Eigen 和 Numpy -> 将矩阵从 Python 传递给 C++

Eigen and Numpy -> Passing Matrices from Python to C++

我正在做一个模拟项目,我正在尝试找出在 Python 和 C++ 之间传递矩阵的最佳方法。我正在使用 Python 的 NumPy 和 C++ 的 Eigen 库,并且我正在使用 PyBind11 让它们相互通信。

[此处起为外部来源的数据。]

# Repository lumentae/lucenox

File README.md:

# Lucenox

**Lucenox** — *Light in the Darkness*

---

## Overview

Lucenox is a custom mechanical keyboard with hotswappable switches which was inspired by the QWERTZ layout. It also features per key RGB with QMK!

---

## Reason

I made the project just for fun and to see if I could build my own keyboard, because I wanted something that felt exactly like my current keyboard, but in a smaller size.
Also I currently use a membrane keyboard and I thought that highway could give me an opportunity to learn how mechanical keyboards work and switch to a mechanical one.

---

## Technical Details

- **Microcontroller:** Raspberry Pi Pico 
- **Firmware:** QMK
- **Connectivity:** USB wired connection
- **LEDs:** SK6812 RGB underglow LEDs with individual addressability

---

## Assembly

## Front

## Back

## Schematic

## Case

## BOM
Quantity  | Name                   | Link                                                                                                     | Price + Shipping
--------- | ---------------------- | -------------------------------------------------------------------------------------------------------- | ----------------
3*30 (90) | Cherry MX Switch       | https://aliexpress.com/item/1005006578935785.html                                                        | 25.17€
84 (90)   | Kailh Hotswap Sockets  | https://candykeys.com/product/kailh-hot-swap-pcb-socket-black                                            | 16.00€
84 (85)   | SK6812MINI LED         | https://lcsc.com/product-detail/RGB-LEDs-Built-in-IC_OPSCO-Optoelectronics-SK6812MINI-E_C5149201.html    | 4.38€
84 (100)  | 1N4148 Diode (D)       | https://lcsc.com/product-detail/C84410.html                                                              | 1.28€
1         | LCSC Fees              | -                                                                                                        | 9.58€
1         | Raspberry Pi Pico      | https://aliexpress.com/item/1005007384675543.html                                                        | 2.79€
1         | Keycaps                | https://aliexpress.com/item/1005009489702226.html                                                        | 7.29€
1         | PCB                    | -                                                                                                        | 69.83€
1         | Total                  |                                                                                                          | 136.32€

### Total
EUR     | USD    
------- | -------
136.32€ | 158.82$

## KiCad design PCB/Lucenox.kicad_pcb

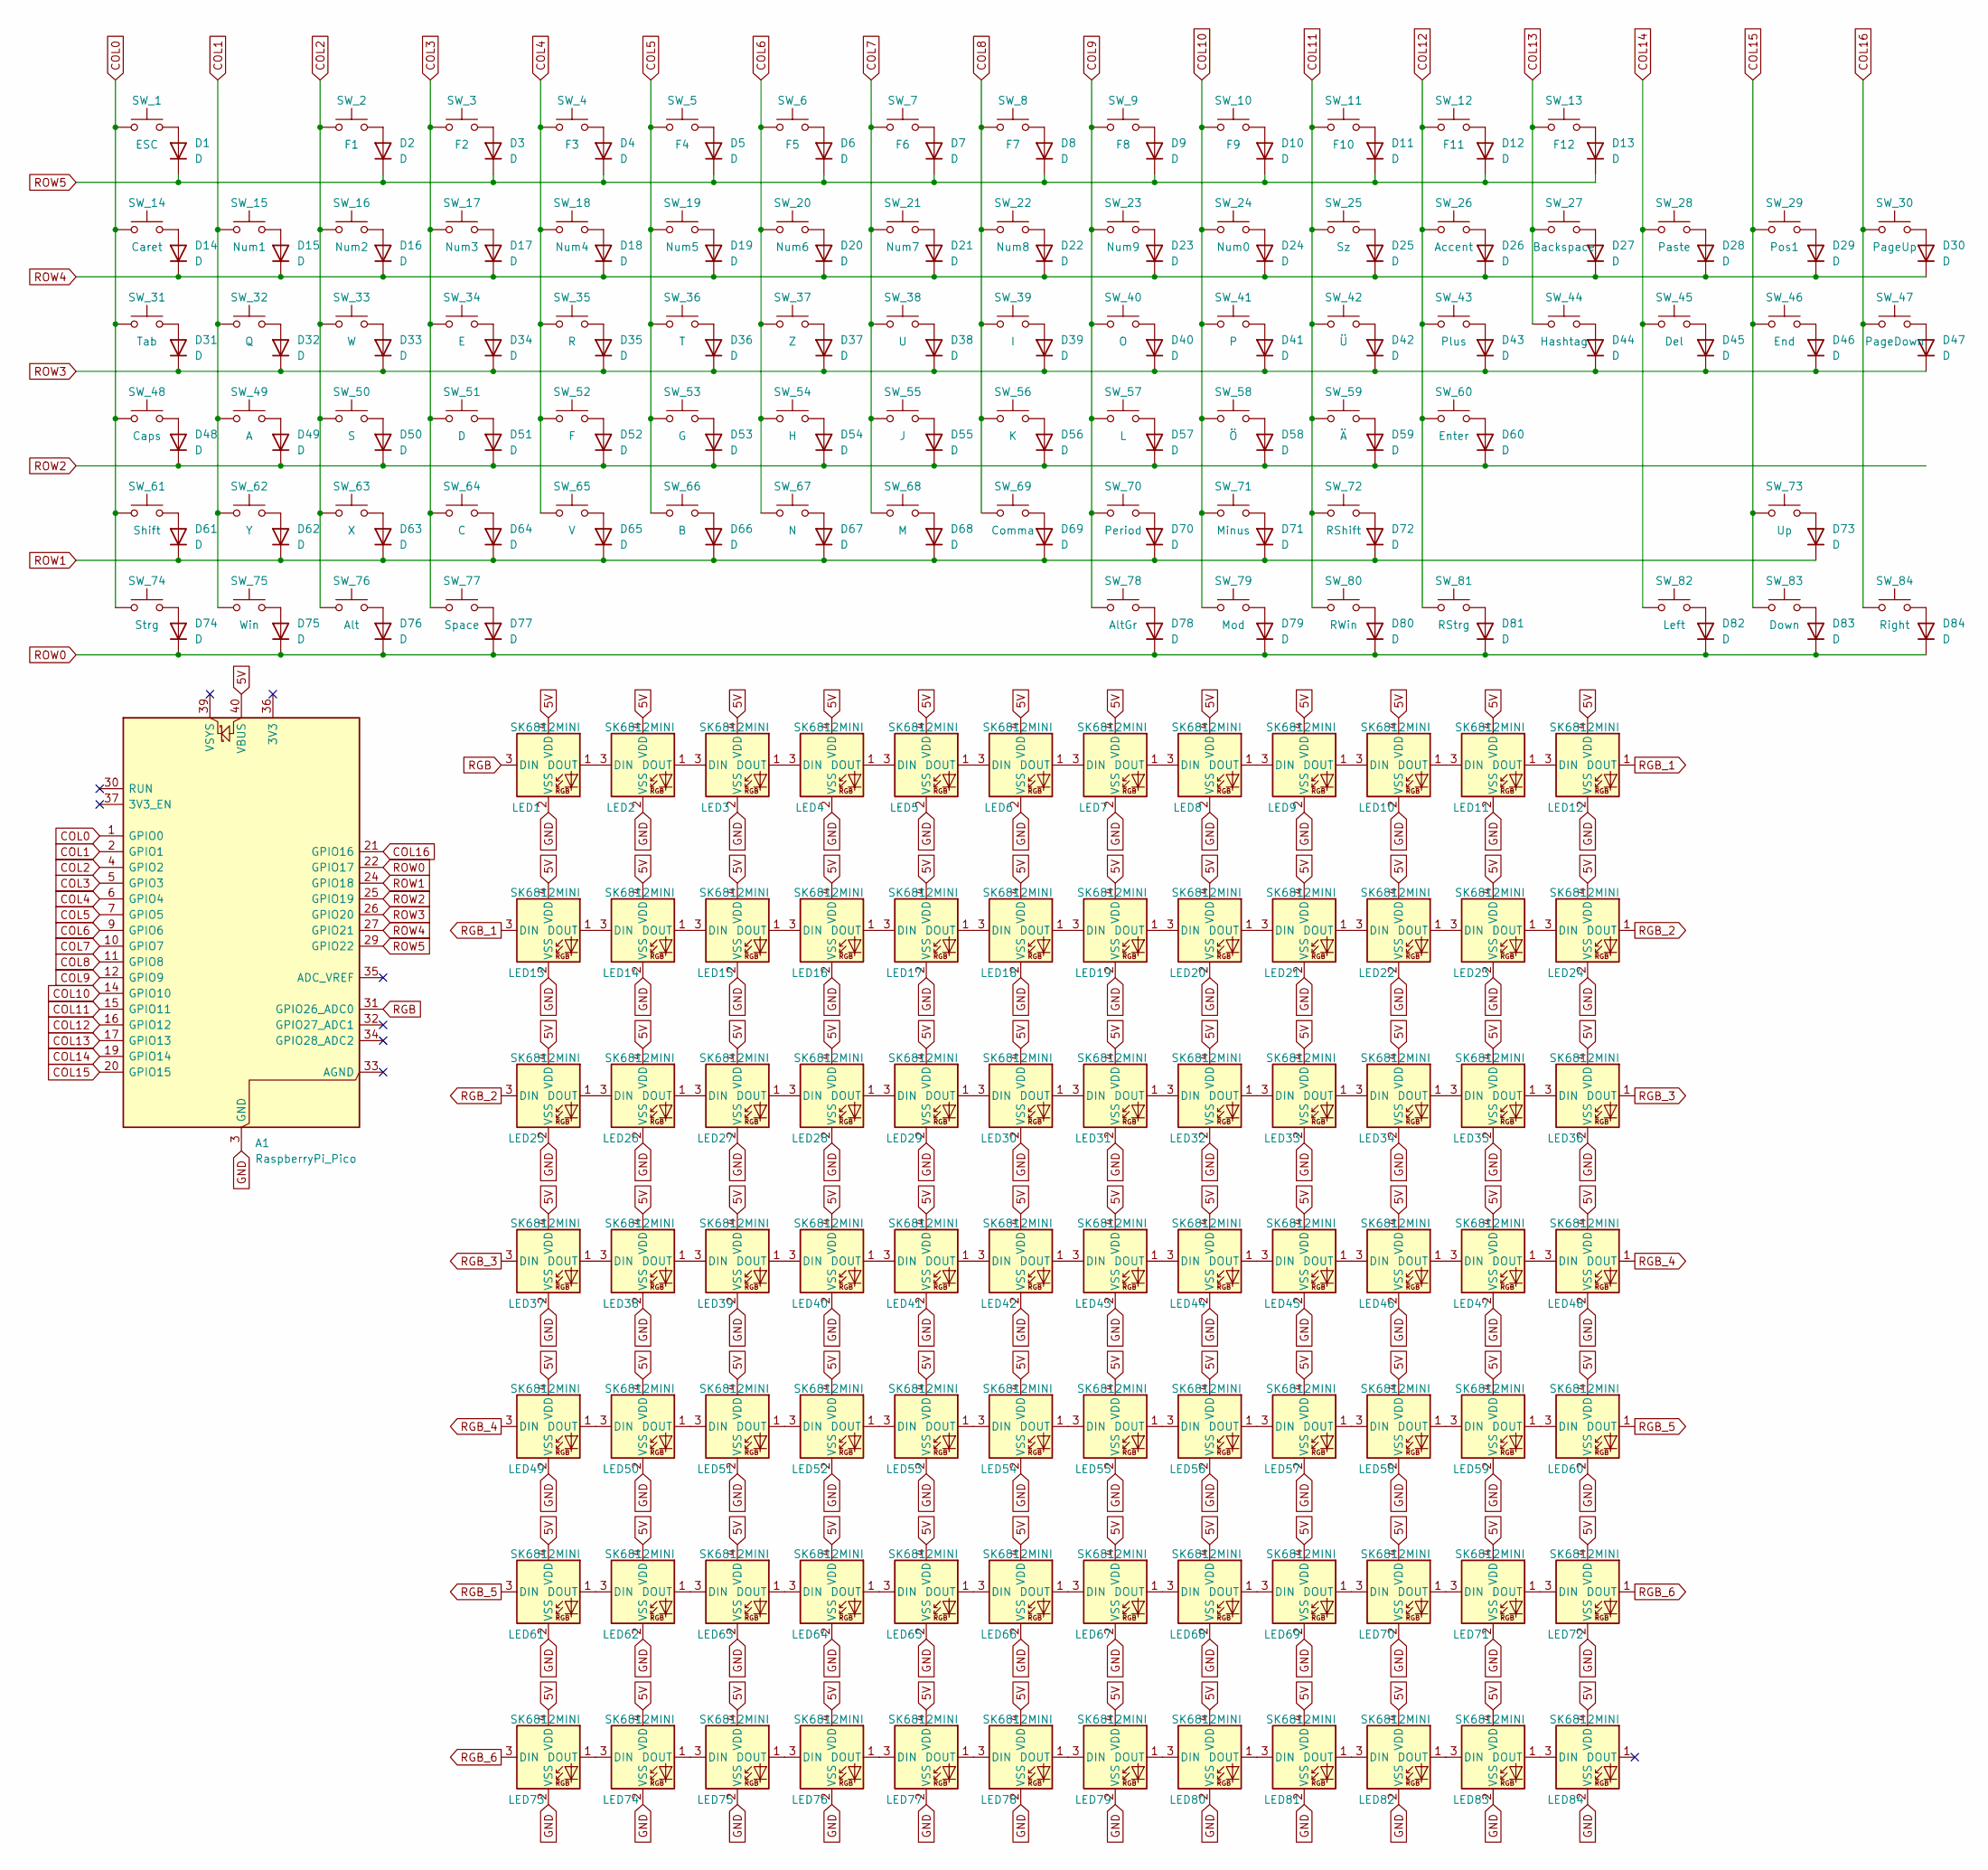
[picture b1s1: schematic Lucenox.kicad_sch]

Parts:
A1: RaspberryPi_Pico; RaspberryPi_Pico_Common_THT
D1, D2, D3, D4, D5, D6, D7, D8, D9, D10, D11, D12, D13, D14, D15, D16, D17, D18, D19, D20, D21, D22, D23, D24, D25, D26, D27, D28, D29, D30, D31, D32, D33, D34, D35, D36, D37, D38, D39, D40, D41, D42, D43, D44, D45, D46, D47, D48, D49, D50, D51, D52, D53, D54, D55, D56, D57, D58, D59, D60, D61, D62, D63, D64, D65, D66, D67, D68, D69, D70, D71, D72, D73, D74, D75, D76, D77, D78, D79, D80, D81, D82, D83, D84: D; D_DO-35_SOD27_P7.62mm_Horizontal
LED1, LED2, LED3, LED4, LED5, LED6, LED7, LED8, LED9, LED10, LED11, LED12, LED13, LED14, LED15, LED16, LED17, LED18, LED19, LED20, LED21, LED22, LED23, LED24, LED25, LED26, LED27, LED28, LED29, LED30, LED31, LED32, LED33, LED34, LED35, LED36, LED37, LED38, LED39, LED40, LED41, LED42, LED43, LED44, LED45, LED46, LED47, LED48, LED49, LED50, LED51, LED52, LED53, LED54, LED55, LED56, LED57, LED58, LED59, LED60, LED61, LED62, LED63, LED64, LED65, LED66, LED67, LED68, LED69, LED70, LED71, LED72, LED73, LED74, LED75, LED76, LED77, LED78, LED79, LED80, LED81, LED82, LED83, LED84: SK6812MINI; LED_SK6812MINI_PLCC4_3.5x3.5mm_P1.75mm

在我的代码中(见下文),我首先在 Python 脚本中使用 NumPy 创建一些数组,然后将这些作为参数传递给 C++ class 的构造函数,我调用rmodule,这实际上将成为我模拟的数值引擎。我想要我的 C++ class 的一个实例将这些 NumPy 数组作为对象属性(这样它们可以很容易地被引用),但我想知道最好的方法是什么。

如果我只是进行从 NumPy 数组到 Eigen 矩阵的类型转换,PyBind 将不得不将所有数据复制到 C++ 程序。虽然这看起来开销很大,但我觉得如果与我对矩阵进行的计算相比复制速度更快的话,这样就可以了。

我的另一个选择是只将对 NumPy 数组的引用传递到我的 C++ 实例。这样一来,数据就不会在 Python 和 C++ 之间来回复制——数据将由 Python 拥有并由 C++ class 引用。我认为这可能会提高性能。但是,我不确定这样做是否会 运行 遇到麻烦 - 我是否必须以某种方式解决 GIL 问题?我还应该记住哪些其他事项如果这是更好的方法?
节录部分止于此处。